The OPT clinical reasoning model provides a structure, a process, and strategies for thinking about multiple competing patient care needs in the context of the patient’s story. As the nurse or clinicians reflect on and analyze how each of these needs or issues impacts and influences all the other needs, patterns emerge that reveal leverage points of intervention that can accelerate the specification of outcomes and provide foci for effective and efficient interventions. The OPT model supports contemporary definitions of the nursing process, which include assessment, diagnosis, outcome identification, planning, implementation, coordination of care, health teaching and promotion, and evaluation (ANA, 2015). The OPT clinical reasoning model differs considerably from the earlier generations of the nursing process. Its strengths include the following: the model builds on a foundation of reflective judgment and is derived from empirical data, the model honors the holistic nature of nursing, the model approaches patient situations in terms of outcomes, the model identifies the thinking skills and strategies involved in making clinical decisions and judgments, and the model can be used with interprofessional taxonomies that provide the content for clinical reasoning.


The OPT clinical reasoning model (Figure 3.1) uses the patient’s story, diagnostic cluster cue and web logic, keystone priority, present to outcome states to determine tests, and interventions for health and illness management, all of which support the development and acquisition of skills in clinical reasoning and judgment.


MASTERING THE OPT MODEL OF CLINICAL REASONING


Patient-centered clinical reasoning is the first phase of care coordination and is used to determine the priorities between and among comorbidities the patient is dealing with.
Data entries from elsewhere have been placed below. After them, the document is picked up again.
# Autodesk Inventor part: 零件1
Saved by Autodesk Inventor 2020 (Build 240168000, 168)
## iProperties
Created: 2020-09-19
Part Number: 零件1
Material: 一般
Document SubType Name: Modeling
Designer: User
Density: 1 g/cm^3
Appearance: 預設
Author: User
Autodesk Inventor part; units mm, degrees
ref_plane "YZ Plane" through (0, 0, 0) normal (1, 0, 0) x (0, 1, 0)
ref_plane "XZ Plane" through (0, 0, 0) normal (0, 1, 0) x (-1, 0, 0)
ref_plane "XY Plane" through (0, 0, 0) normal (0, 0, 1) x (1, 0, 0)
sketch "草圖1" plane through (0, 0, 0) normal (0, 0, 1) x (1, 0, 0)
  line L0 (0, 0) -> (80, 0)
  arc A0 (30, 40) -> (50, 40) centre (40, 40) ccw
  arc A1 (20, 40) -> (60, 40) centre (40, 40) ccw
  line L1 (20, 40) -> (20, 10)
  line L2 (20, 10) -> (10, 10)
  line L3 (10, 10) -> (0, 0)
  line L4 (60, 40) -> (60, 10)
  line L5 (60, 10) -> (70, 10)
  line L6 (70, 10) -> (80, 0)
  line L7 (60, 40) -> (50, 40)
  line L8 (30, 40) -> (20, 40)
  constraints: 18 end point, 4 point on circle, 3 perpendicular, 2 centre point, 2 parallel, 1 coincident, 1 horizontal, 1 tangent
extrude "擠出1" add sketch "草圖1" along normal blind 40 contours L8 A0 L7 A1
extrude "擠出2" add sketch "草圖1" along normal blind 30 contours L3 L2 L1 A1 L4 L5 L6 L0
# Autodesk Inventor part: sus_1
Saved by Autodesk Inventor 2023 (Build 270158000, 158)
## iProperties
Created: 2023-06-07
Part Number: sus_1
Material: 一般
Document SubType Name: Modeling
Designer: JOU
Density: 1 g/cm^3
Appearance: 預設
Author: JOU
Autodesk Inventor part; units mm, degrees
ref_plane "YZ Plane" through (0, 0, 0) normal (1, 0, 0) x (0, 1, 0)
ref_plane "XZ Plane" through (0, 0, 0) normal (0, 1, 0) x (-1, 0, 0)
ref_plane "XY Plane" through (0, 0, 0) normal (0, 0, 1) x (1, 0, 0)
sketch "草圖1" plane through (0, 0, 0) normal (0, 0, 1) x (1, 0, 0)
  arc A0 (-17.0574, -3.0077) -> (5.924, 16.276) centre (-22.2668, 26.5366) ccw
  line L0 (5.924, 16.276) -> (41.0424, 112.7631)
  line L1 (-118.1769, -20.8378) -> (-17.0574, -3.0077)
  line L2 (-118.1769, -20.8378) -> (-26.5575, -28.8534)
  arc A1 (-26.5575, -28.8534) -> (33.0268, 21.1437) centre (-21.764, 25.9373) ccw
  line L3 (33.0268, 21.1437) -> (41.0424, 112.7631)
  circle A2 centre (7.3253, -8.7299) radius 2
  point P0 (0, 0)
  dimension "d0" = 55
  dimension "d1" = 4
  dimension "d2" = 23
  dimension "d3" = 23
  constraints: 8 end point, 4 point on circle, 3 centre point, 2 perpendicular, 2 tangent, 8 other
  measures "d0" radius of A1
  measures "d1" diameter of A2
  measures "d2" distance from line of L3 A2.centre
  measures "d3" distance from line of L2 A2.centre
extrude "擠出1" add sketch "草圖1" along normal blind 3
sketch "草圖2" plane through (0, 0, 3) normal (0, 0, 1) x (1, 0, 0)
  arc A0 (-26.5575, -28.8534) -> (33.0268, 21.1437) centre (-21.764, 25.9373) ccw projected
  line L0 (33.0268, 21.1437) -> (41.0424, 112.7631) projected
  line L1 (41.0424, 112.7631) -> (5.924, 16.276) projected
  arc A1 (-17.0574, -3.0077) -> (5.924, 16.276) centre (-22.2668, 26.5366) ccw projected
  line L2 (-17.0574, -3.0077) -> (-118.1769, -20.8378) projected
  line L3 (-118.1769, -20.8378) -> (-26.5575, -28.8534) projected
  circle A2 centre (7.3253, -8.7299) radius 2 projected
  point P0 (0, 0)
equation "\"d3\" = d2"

The OPT model provides a structure, a process, and a method that support patient-centered clinical reasoning. The major difference between the OPT clinical reasoning model and previous models is the OPT’s emphasis on filters, framing, and focusing a situation and the gaps that exist between the problems identified and the outcomes desired. The gaps are based on the story of the patient, which is determined by an examination and history. The explicit focus on the patient’s story is a way to frame relationships among contexts, present states, and desired outcomes. The OPT clinical reasoning model underscores the fact that reasoning is concurrent and iterative as side-by-side comparisons of outcomes with present-state information from the patient story create gaps that can be analyzed and evaluated as test conditions about which judgments and conclusions are made given decisions and actions that fill the gaps. The OPT clinical reasoning model relies on higher order critical thinking skills, such as analysis, synthesis, evaluation, creativity, and judgment.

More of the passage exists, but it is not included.